Stonerville is a 2011 American stoner comedy film. Leslie Nielsen played a character simply named Producer, which was his final role before he died. The film was directed by Bill Corcoran. It was written by Kevin Sepe and Tom Alexander.

==Plot==
Troy "Slam" Slamsky is a viral video guru who is a huge hit on Mespacetube.com. His nagging girlfriend Miranda wants him to take his skills and growing fan base into the real world and get a job in advertising.
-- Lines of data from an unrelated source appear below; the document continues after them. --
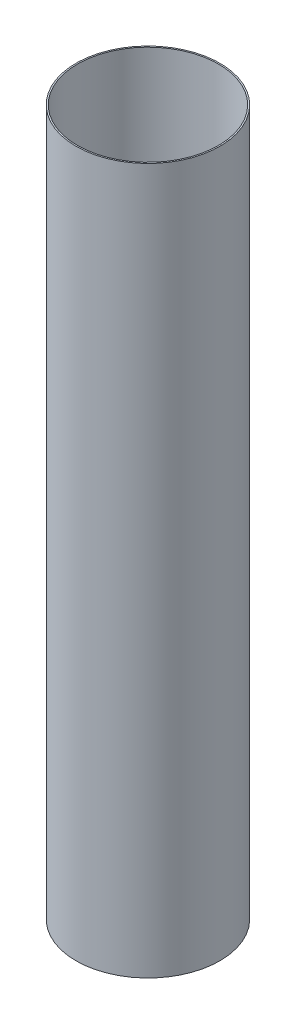
ISO-10303-21;
HEADER;
FILE_DESCRIPTION(('STEP AP214'),'2;1');
FILE_NAME('part.step','',(''),(''),'','','');
FILE_SCHEMA(('AUTOMOTIVE_DESIGN { 1 0 10303 214 1 1 1 1 }'));
ENDSEC;
DATA;
#1=APPLICATION_CONTEXT('core data for automotive mechanical design processes');
#2=APPLICATION_PROTOCOL_DEFINITION('international standard','automotive_design',2000,#1);
#3=PRODUCT_CONTEXT('',#1,'mechanical');
#4=PRODUCT('Part','Part','',(#3));
#5=PRODUCT_RELATED_PRODUCT_CATEGORY('part','',(#4));
#6=PRODUCT_DEFINITION_FORMATION('','',#4);
#7=PRODUCT_DEFINITION_CONTEXT('part definition',#1,'design');
#8=PRODUCT_DEFINITION('design','',#6,#7);
#9=PRODUCT_DEFINITION_SHAPE('','',#8);
#10=(LENGTH_UNIT() NAMED_UNIT(*) SI_UNIT(.MILLI.,.METRE.));
#11=(NAMED_UNIT(*) PLANE_ANGLE_UNIT() SI_UNIT($,.RADIAN.));
#12=(NAMED_UNIT(*) SI_UNIT($,.STERADIAN.) SOLID_ANGLE_UNIT());
#13=UNCERTAINTY_MEASURE_WITH_UNIT(LENGTH_MEASURE(1.E-05),#10,'distance_accuracy_value','');
#14=(GEOMETRIC_REPRESENTATION_CONTEXT(3) GLOBAL_UNCERTAINTY_ASSIGNED_CONTEXT((#13)) GLOBAL_UNIT_ASSIGNED_CONTEXT((#10,
#11,#12)) REPRESENTATION_CONTEXT('',''));
#15=CARTESIAN_POINT('',(0.,0.,0.));
#16=DIRECTION('',(0.,0.,1.));
#17=DIRECTION('',(1.,0.,0.));
#18=AXIS2_PLACEMENT_3D('',#15,#16,#17);
#19=CARTESIAN_POINT('',(0.,1500.,0.));
#20=DIRECTION('',(0.,1.,0.));
#21=DIRECTION('',(0.,0.,1.));
#22=AXIS2_PLACEMENT_3D('',#19,#20,#21);
#23=PLANE('',#22);
#24=CARTESIAN_POINT('',(0.,1500.,0.));
#25=DIRECTION('',(0.,1.,0.));
#26=DIRECTION('',(0.,0.,1.));
#27=AXIS2_PLACEMENT_3D('',#24,#25,#26);
#28=CIRCLE('',#27,153.);
#29=CARTESIAN_POINT('',(0.,1500.,153.));
#30=VERTEX_POINT('',#29);
#31=EDGE_CURVE('E10',#30,#30,#28,.T.);
#32=ORIENTED_EDGE('',*,*,#31,.T.);
#33=EDGE_LOOP('',(#32));
#34=FACE_BOUND('',#33,.T.);
#35=CARTESIAN_POINT('',(0.,1500.,0.));
#36=DIRECTION('',(0.,1.,0.));
#37=DIRECTION('',(0.,0.,1.));
#38=AXIS2_PLACEMENT_3D('',#35,#36,#37);
#39=CIRCLE('',#38,150.);
#40=CARTESIAN_POINT('',(0.,1500.,150.));
#41=VERTEX_POINT('',#40);
#42=EDGE_CURVE('E42',#41,#41,#39,.T.);
#43=ORIENTED_EDGE('',*,*,#42,.F.);
#44=EDGE_LOOP('',(#43));
#45=FACE_BOUND('',#44,.T.);
#46=ADVANCED_FACE('F31',(#34,#45),#23,.T.);
#47=CARTESIAN_POINT('',(0.,0.,0.));
#48=DIRECTION('',(0.,1.,0.));
#49=DIRECTION('',(0.,0.,1.));
#50=AXIS2_PLACEMENT_3D('',#47,#48,#49);
#51=PLANE('',#50);
#52=CARTESIAN_POINT('',(0.,0.,0.));
#53=DIRECTION('',(0.,1.,0.));
#54=DIRECTION('',(0.,0.,1.));
#55=AXIS2_PLACEMENT_3D('',#52,#53,#54);
#56=CIRCLE('',#55,153.);
#57=CARTESIAN_POINT('',(0.,0.,153.));
#58=VERTEX_POINT('',#57);
#59=EDGE_CURVE('E35',#58,#58,#56,.T.);
#60=ORIENTED_EDGE('',*,*,#59,.F.);
#61=EDGE_LOOP('',(#60));
#62=FACE_BOUND('',#61,.T.);
#63=CARTESIAN_POINT('',(0.,0.,0.));
#64=DIRECTION('',(0.,1.,0.));
#65=DIRECTION('',(0.,0.,1.));
#66=AXIS2_PLACEMENT_3D('',#63,#64,#65);
#67=CIRCLE('',#66,150.);
#68=CARTESIAN_POINT('',(0.,0.,150.));
#69=VERTEX_POINT('',#68);
#70=EDGE_CURVE('E44',#69,#69,#67,.T.);
#71=ORIENTED_EDGE('',*,*,#70,.T.);
#72=EDGE_LOOP('',(#71));
#73=FACE_BOUND('',#72,.T.);
#74=ADVANCED_FACE('F54',(#62,#73),#51,.F.);
#75=CARTESIAN_POINT('',(0.,1500.,0.));
#76=DIRECTION('',(0.,-1.,0.));
#77=DIRECTION('',(0.,0.,-1.));
#78=AXIS2_PLACEMENT_3D('',#75,#76,#77);
#79=CYLINDRICAL_SURFACE('',#78,153.);
#80=ORIENTED_EDGE('',*,*,#31,.F.);
#81=EDGE_LOOP('',(#80));
#82=FACE_BOUND('',#81,.T.);
#83=ORIENTED_EDGE('',*,*,#59,.T.);
#84=EDGE_LOOP('',(#83));
#85=FACE_BOUND('',#84,.T.);
#86=ADVANCED_FACE('F33',(#82,#85),#79,.T.);
#87=CARTESIAN_POINT('',(0.,1500.,0.));
#88=DIRECTION('',(0.,-1.,0.));
#89=DIRECTION('',(0.,0.,-1.));
#90=AXIS2_PLACEMENT_3D('',#87,#88,#89);
#91=CYLINDRICAL_SURFACE('',#90,150.);
#92=ORIENTED_EDGE('',*,*,#42,.T.);
#93=EDGE_LOOP('',(#92));
#94=FACE_BOUND('',#93,.T.);
#95=ORIENTED_EDGE('',*,*,#70,.F.);
#96=EDGE_LOOP('',(#95));
#97=FACE_BOUND('',#96,.T.);
#98=ADVANCED_FACE('F50',(#94,#97),#91,.F.);
#99=CLOSED_SHELL('',(#46,#74,#86,#98));
#100=MANIFOLD_SOLID_BREP('B2',#99);
#101=ADVANCED_BREP_SHAPE_REPRESENTATION('',(#18,#100),#14);
#102=SHAPE_DEFINITION_REPRESENTATION(#9,#101);
ENDSEC;
END-ISO-10303-21;

She is tired of living in their less than modest apartment, and sees Slam's talent as the ticket out. Slam is only interested in making his short movies, getting stoned with his best friend Harlan "Harley" Lovecraft, and someday visiting Cleveland. After a series of disagreements and the discovery that Miranda is two-timing Slam with rich snob Tyler, Slam is suddenly on his own.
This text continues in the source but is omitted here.